Once configured, the server will automatically upload results:

```bash
# Start the server
npm run server

# You should see:
# 📤 HF Dataset upload enabled: username/transformersjs-benchmark-results
```

When benchmarks complete, you'll see:

```
✅ Completed: abc-123 in 5.2s
✓ Benchmark abc-123 saved to file
✓ Uploaded to HF Dataset: feature-extraction/Xenova/all-MiniLM-L6-v2/node_warm_cpu_fp32_b1.json
```

## File Structure in HF Dataset

The dataset will have the same structure as local storage:

```
feature-extraction/
├── Xenova/
│   ├── all-MiniLM-L6-v2/
│   │   ├── node_warm_cpu_fp32_b1.json
│   │   ├── node_warm_webgpu_fp16_b1.json
│   │   └── web_warm_wasm_b1_chromium.json
│   └── distilbert-base-uncased/
│       └── node_warm_cpu_fp32_b1.json
text-classification/
└── Xenova/
    └── distilbert-base-uncased/
        └── node_warm_cpu_fp32_b1.json
```

## JSON Format

Each file contains a single benchmark result (not multiple runs):

```json
{
  "id": "abc-123-456",
  "platform": "node",
  "modelId": "Xenova/all-MiniLM-L6-v2",
  "task": "feature-extraction",
  "mode": "warm",
  "repeats": 3,
  "dtype": "fp32",
  "batchSize": 1,
  "device": "cpu",
  "timestamp": 1234567890,
  "status": "completed",
  "result": {
    "metrics": { ... },
    "environment": { ... }
  }
}
```

## Behavior

### Overwriting Results

- Each benchmark configuration maps to a single file
- New results **overwrite** the existing file
- Only the **latest** result is kept per configuration
- This ensures the dataset always has current data

### Local vs Remote Storage

- **Local (JSONL)**: Keeps history of all runs (append-only)
- **Remote (JSON)**: Keeps only latest result (overwrite)

This dual approach allows:
- Local: Full history for analysis
- Remote: Clean, current results for leaderboards

### Failed Benchmarks

Failed benchmarks are also uploaded to track:
- Which models/configs have issues
- Error types (memory errors, etc.)
- Environmental context

Example failed result:

```json
{
  "id": "def-456-789",
  "status": "failed",
  "error": "Benchmark failed with code 1: ...",
  "result": {
    "error": {
      "type": "memory_error",
      "message": "Aborted(). Build with -sASSERTIONS for more info.",
      "stage": "load"
    },
    "environment": { ... }
  }
}
```

## Git Commits

Each upload creates a git commit in the dataset with:

```
Update benchmark: Xenova/all-MiniLM-L6-v2 (node/feature-extraction)

Benchmark ID: abc-123-456
Status: completed
Timestamp: 2025-10-13T06:48:57.481Z
```

## Disabling Upload

To disable HF Dataset upload:

1. Remove `HF_TOKEN` from `.env`, or
2. Remove both `HF_DATASET_REPO` and `HF_TOKEN`

The server will show:

```
📤 HF Dataset upload disabled (set HF_DATASET_REPO and HF_TOKEN to enable)
```

## Error Handling

If HF upload fails:
- The error is logged but doesn't fail the benchmark
- Local storage still succeeds
- You can retry manually or fix configuration

Example error:

```
✗ Failed to upload benchmark abc-123 to HF Dataset: Authentication failed
```

## API Endpoint (Future)

Currently uploads happen automatically.
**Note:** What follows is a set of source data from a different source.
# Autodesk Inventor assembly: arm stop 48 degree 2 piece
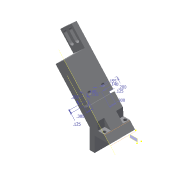
[picture p0: Inventor's stored thumbnail of the model, 180x180]
Saved by Autodesk Inventor 2018 (Build 220112000, 112)
## iProperties
Created: 2019-01-02
Part Number: arm stop 48 degree 2 piece
Document SubType Name: Assembly
Designer: ball
Author: ball
## Documents named in this file (3)
- C:\FTC\FTC8863CAD\2018Robot\arm stop 48 degree 2 piece.iam
- C:\FTC\FTC8863CAD\2018Robot\arm stop 48 degree top half.ipt
- C:\FTC\FTC8863CAD\2018Robot\arm stop 48 degree bottom half.ipt
## Components (2 placed, 2 different names)
1. arm stop 48 degree top half:1 — Mate:1, Flush:1
2. arm stop 48 degree bottom half:1 — Mate:1, Flush:1
## Relationships (2: Mate 1, Flush 1)
- Mate:1: arm stop 48 degree top half:1 ↔ arm stop 48 degree bottom half:1
- Flush:1: arm stop 48 degree top half:1 ↔ arm stop 48 degree bottom half:1
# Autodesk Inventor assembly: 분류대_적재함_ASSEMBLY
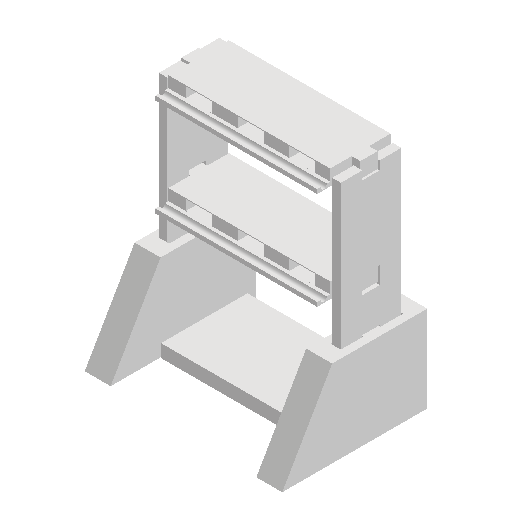
[picture p0: Inventor's stored thumbnail of the model, 512x512]
Saved by Autodesk Inventor 2027 (Build 310192000, 192)
## iProperties
Created: 2026-09-28
Part Number: 분류대_적재함_ASSEMBLY
Document SubType Name: Assembly
Designer: User
Author: User
## Documents named in this file (5)
- C:\Users\User\Desktop\4_권도영\졸업작품\INVENTOR\분류대_적재함\MAIN_분류대_적재함_ASSEMBLY.iam
- C:\Users\User\Desktop\4_권도영\졸업작품\INVENTOR\분류대_적재함\분류대_ASSEMBLY.iam
- C:\Users\User\Desktop\4_권도영\졸업작품\INVENTOR\분류대_적재함\적재함_부품_1.ipt
- C:\Users\User\Desktop\4_권도영\졸업작품\INVENTOR\분류대_적재함\적재함_부품_2.ipt
- C:\Users\User\Desktop\4_권도영\졸업작품\INVENTOR\분류대_적재함\적재함_브릿지.ipt
## Components (4 placed, 4 different names)
1. 분류대_ASSEMBLY:1 [sub-assembly] — 메이트:1, 메이트:2, 메이트:3, 메이트:4, 메이트:7, 메이트:8
2. 적재함_부품_1:1 — 메이트:1, 메이트:2, 메이트:5, 메이트:8
3. 적재함_부품_2:1 — 메이트:3, 메이트:4, 메이트:6, 메이트:7, 플러쉬:1
4. 적재함_브릿지:1 — 메이트:5, 메이트:6, 플러쉬:1
## Relationships (9: Mate 8, Flush 1)
- 메이트:1 [Mate]: 분류대_ASSEMBLY:1 ↔ 적재함_부품_1:1
- 메이트:2 [Mate]: 분류대_ASSEMBLY:1 ↔ 적재함_부품_1:1
- 메이트:3 [Mate]: 분류대_ASSEMBLY:1 ↔ 적재함_부품_2:1
- 메이트:4 [Mate]: 분류대_ASSEMBLY:1 ↔ 적재함_부품_2:1
- 메이트:5 [Mate]: 적재함_부품_1:1 ↔ 적재함_브릿지:1
- 메이트:6 [Mate]: 적재함_부품_2:1 ↔ 적재함_브릿지:1
- 메이트:7 [Mate]: 분류대_ASSEMBLY:1 ↔ 적재함_부품_2:1
- 메이트:8 [Mate]: 분류대_ASSEMBLY:1 ↔ 적재함_부품_1:1
- 플러쉬:1 [Flush]: 적재함_부품_2:1 ↔ 적재함_브릿지:1
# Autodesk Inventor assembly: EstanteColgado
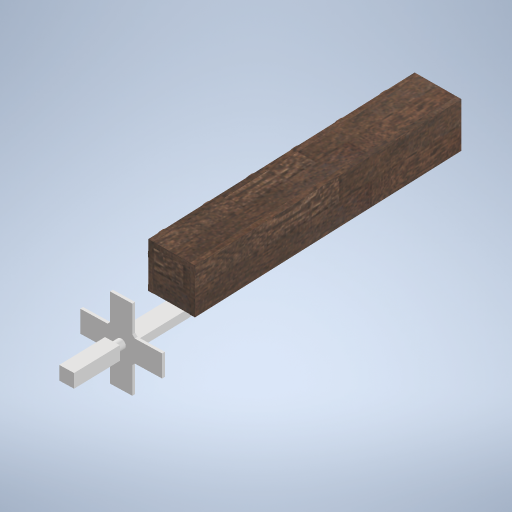
[picture p0: Inventor's stored thumbnail of the model, 512x512]
Saved by Autodesk Inventor 2023 (Build 270158000, 158)
## iProperties
Created: 2023-05-30
Part Number: EstanteColgado
Document SubType Name: Assembly
Designer: WIN10
Author: WIN10
## Documents named in this file (3)
- C:\Users\WIN10\DisenoDeProduccion\ModelosCeldaRobotica\EstanteColgado.iam
- G:\Unidades compartidas\Amiguitos por siempre\APM 2023-1\Piezas\RepisaLego.iam
- C:\Users\WIN10\DisenoDeProduccion\ModelosCeldaRobotica\Gancho.ipt
## Components (2 placed, 2 different names)
1. RepisaLego:1 [sub-assembly] — Coincidencia:1
2. Gancho:1 — Coincidencia:1
## Relationships (1: Mate 1)
- Coincidencia:1 [Mate]: RepisaLego:1 ↔ Gancho:1

In the future, we could add:

```bash
# Manually trigger upload of a specific result
POST /api/benchmark/:id/upload

# Re-upload all local results to HF Dataset
POST /api/benchmarks/sync
```

## Development vs Production

Use different dataset repositories for development and production:

**Development** (`.env`):
```bash
HF_DATASET_REPO=whitphx/transformersjs-performance-leaderboard-results-dev
```

**Production** (deployed environment):
```bash
HF_DATASET_REPO=whitphx/transformersjs-performance-leaderboard-results
```

This allows testing without polluting production data.